— Problem statement —
Each line of the records that holds the word "countersink" should be copied out.

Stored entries
◆ ◆ ◆ ◆
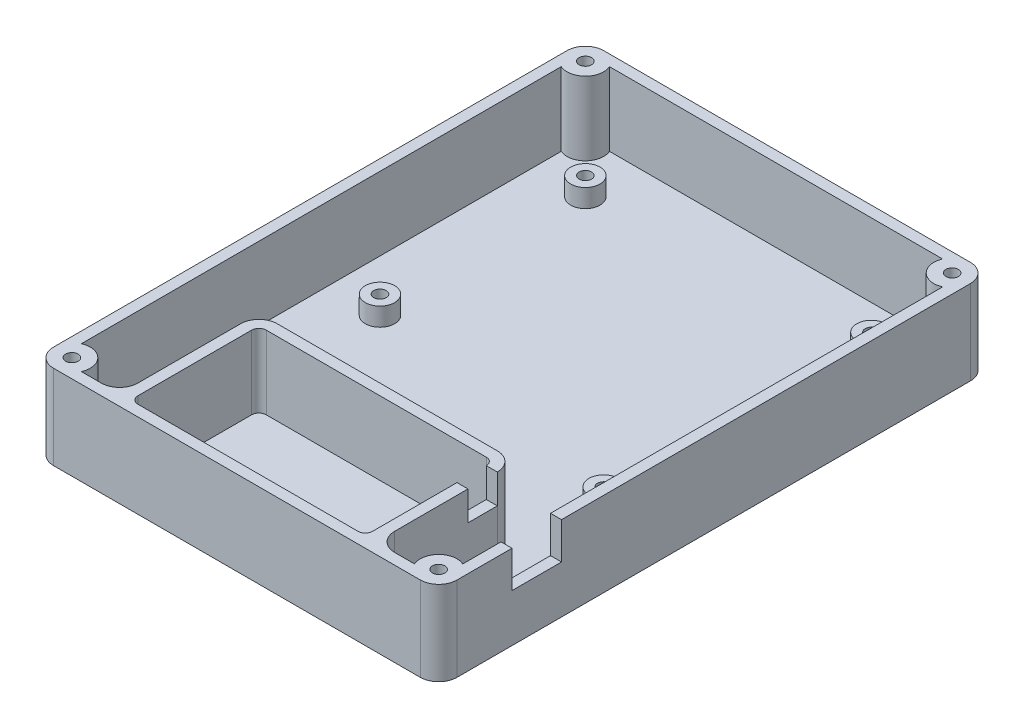
SolidWorks part; units mm, degrees
ref_plane "Plano frontal" through (0, 0, 0) normal (0, 0, 1) x (1, 0, 0)
ref_plane "Plano superior" through (0, 0, 0) normal (0, 1, 0) x (1, 0, 0)
ref_plane "Plano direito" through (0, 0, 0) normal (1, 0, 0) x (0, 0, -1)
sketch "Esboço1" plane through (0, 0, 0) normal (0, 1, 0) x (1, 0, 0)
  line L1 (-55, -75) -> (55, -75)
  line L2 (-55, -75) -> (-55, 75)
  line L3 (-55, 75) -> (55, 75)
  line L4 (55, -75) -> (55, 75)
  line L5 (-55, -75) -> (55, 75) construction
  line L6 (-55, 75) -> (55, -75) construction
  line L10 (0, 0) -> (0, 50000) construction
  point P0 (0, 0)
  dimension "D1" = 150
  dimension "D2" = 110
extrude "Ressalto-extrusão3" add sketch "Esboço1" along normal blind 23
fillet "Filete2" radius 5 4 edges at (-55, 11.5, -75) (55, 11.5, -75) (55, 11.5, 75) (-55, 11.5, 75)
shell "Casca1" thickness 3
sketch "Esboço14" plane through (0, 3, 0) normal (0, 1, 0) x (1, 0, 0)
  arc A1 (-55, -70) -> (-50, -75) centre (-50, -70) ccw construction
  circle A2 centre (-50, -70) radius 5
  circle A3 centre (50, -70) radius 5
  circle A4 centre (50, 70) radius 5
  circle A5 centre (-50, 70) radius 5
  arc A6 (50, -75) -> (55, -70) centre (50, -70) ccw construction
  arc A7 (55, 70) -> (50, 75) centre (50, 70) ccw construction
  arc A8 (-50, 75) -> (-55, 70) centre (-50, 70) ccw construction
extrude "Ressalto-extrusão7" add sketch "Esboço14" along normal up to surface (20 mm away) up to face at (0, 23, 0)
sketch "Esboço6" plane through (0, 0, 0) normal (0, 1, 0) x (1, 0, 0)
  line L0 (-45.4174, -72) -> (45.4174, -72) construction
  line L1 (-32, -37) -> (32, -37)
  line L2 (-32, -37) -> (-32, -72)
  line L4 (32, -37) -> (32, -72)
  line L5 (-32, -37) -> (32, -72) construction
  line L6 (-32, -72) -> (32, -37) construction
  line L7 (-45.4174, -72) -> (45.4174, -72) construction
  line L14 (-35, -34) -> (-35, -72)
  line L15 (-35, -34) -> (35, -34)
  line L16 (35, -34) -> (35, -72)
  line L17 (-35, -72) -> (-32, -72)
  line L18 (35, -72) -> (32, -72)
  point P0 (0, -54.5)
  dimension "D1" = 64
  dimension "D2" = 35
  dimension "D3" = 3
extrude "Ressalto-extrusão4" add sketch "Esboço6" along normal up to surface (23 mm away) up to face at (0, 23, 0)
fillet "Filete6" radius 2 4 edges at (-32, 13, 72) (-32, 13, 37) (32, 13, 72) (32, 13, 37)
fillet "Filete8" radius 5 4 edges at (35, 13, 72) (35, 13, 34) (-35, 13, 34) (-35, 13, 72)
sketch "Esboço7" plane through (0, 23, 0) normal (0, 1, 0) x (1, 0, 0)
  line L0 (35, -67) -> (35, -39) construction
  line L1 (32, -39) -> (35, -39)
  line L2 (32, -39) -> (32, -47)
  line L3 (32, -47) -> (35, -47)
  line L4 (35, -39) -> (35, -47)
  dimension "D1" = 8
extrude "Corte-extrusão1" cut sketch "Esboço7" against normal blind 8
sketch "Esboço8" plane through (0, 23, 0) normal (0, 1, 0) x (1, 0, 0)
  line L0 (52, -65.4174) -> (52, 65.4174) construction
  line L1 (52, -41.5) -> (55, -41.5)
  line L2 (52, -41.5) -> (52, -55)
  line L3 (52, -55) -> (55, -55)
  line L4 (55, -41.5) -> (55, -55)
  line L5 (55, -70) -> (55, 70) construction
  line L6 (-50, -75) -> (50, -75) construction
  dimension "D1" = 13.5
  dimension "D2" = 20
extrude "Corte-extrusão2" cut sketch "Esboço8" against normal blind 10
sketch "Esboço17" plane through (0, 3, 0) normal (0, 1, 0) x (1, 0, 0)
  line L0 (52, -41.5) -> (52, 65.4174) construction
  line L4 (30, -34) -> (-30, -34) construction
  line L5 (-52, 65.4174) -> (-52, -65.4174) construction
  line L6 (-52, 65.4174) -> (-52, -65.4174) construction
  line L7 (45.4174, 72) -> (-45.4174, 72) construction
  circle A0 centre (-38, 58) radius 4
  circle A1 centre (-38, 2) radius 4
  circle A2 centre (38, -13) radius 4
  circle A3 centre (38, 60) radius 4
  dimension "D1" = 8
  dimension "D2" = 8
  dimension "D3" = 8
  dimension "D4" = 8
  dimension "D8" = 36
  dimension "D9" = 21
  dimension "D6" = 14
  dimension "D10" = 14
  dimension "D5" = 14
  dimension "D7" = 14
  dimension "D11" = 12
extrude "Ressalto-extrusão8" add sketch "Esboço17" along normal blind 5
hole_wizard "Escareado para parafuso de máquina com cabeça chata de M33" positions "Esboço18" profile "Esboço19" countersink size "M3" standard "Ansi Metric"
sketch "Esboço18" plane through (0, 0, 0) normal (0, -1, 0) x (-1, 0, 0)
  point P0 (-38, -13)
  point P3 (38, 2)
  point P6 (38, 58)
  point P9 (-38, 60)
sketch "Esboço19" plane through (38, 0, 13) normal (1, 0, 0) x (0, 0, -1)
  line L0 (0, 0) -> (0, 16.0215)
  line L1 (0, 16.0215) -> (1.7, 15)
  line L2 (1.7, 15) -> (1.7, 1.45)
  line L3 (1.7, 1.45) -> (3.15, 0)
  line L5 (3.15, 0) -> (0, 0)
  line L6 (-1.7, 1.45) -> (-3.15, 0) construction
  line L10 (0, 16.0215) -> (-1.7, 15) construction
  line L11 (0, -6.35) -> (0, 107.95) construction
  dimension "Hole Dia." = 3.4
  dimension "Hole Depth" = 15
  dimension "Near C'Sink Dia." = 6.3
  dimension "Near C'Sink Angle" = 90
  dimension "Drill Angle" = 118
hole_wizard "Escareado para parafuso de máquina com cabeça chata de M32" positions "Esboço15" profile "Esboço16" countersink size "M3" standard "Ansi Metric"
sketch "Esboço15" plane through (0, 0, 0) normal (0, -1, 0) x (-1, 0, 0)
  point P0 (50, -70)
  point P3 (-50, -70)
  point P6 (-50, 70)
  point P9 (50, 70)
sketch "Esboço16" plane through (-50, 0, 70) normal (1, 0, 0) x (0, 0, -1)
  line L0 (0, 0) -> (0, 24.0205)
  line L1 (0, 24.0205) -> (1.7, 22.999)
  line L2 (1.7, 22.999) -> (1.7, 1.45)
  line L3 (1.7, 1.45) -> (3.15, 0)
  line L5 (3.15, 0) -> (0, 0)
  line L6 (-1.7, 1.45) -> (-3.15, 0) construction
  line L10 (0, 24.0205) -> (-1.7, 22.999) construction
  line L11 (0, -6.35) -> (0, 107.95) construction
  dimension "Hole Dia." = 3.4
  dimension "Hole Depth" = 22.999
  dimension "Near C'Sink Dia." = 6.3
  dimension "Near C'Sink Angle" = 90
  dimension "Drill Angle" = 118
equation "\"D_BasePCB\"= 8mm"
equation "\"D1@Esboço17\"=\"D_BasePCB\""
equation "\"D2@Esboço17\"=\"D_BasePCB\""
equation "\"D3@Esboço17\"=\"D_BasePCB\""
equation "\"D4@Esboço17\"=\"D_BasePCB\""
equation "\"D8@Esboço17\"=36"
◆ ◆ ◆ ◆
— Solution to the exercise —
hole_wizard "Escareado para parafuso de máquina com cabeça chata de M33" positions "Esboço18" profile "Esboço19" countersink size "M3" standard "Ansi Metric"
hole_wizard "Escareado para parafuso de máquina com cabeça chata de M32" positions "Esboço15" profile "Esboço16" countersink size "M3" standard "Ansi Metric"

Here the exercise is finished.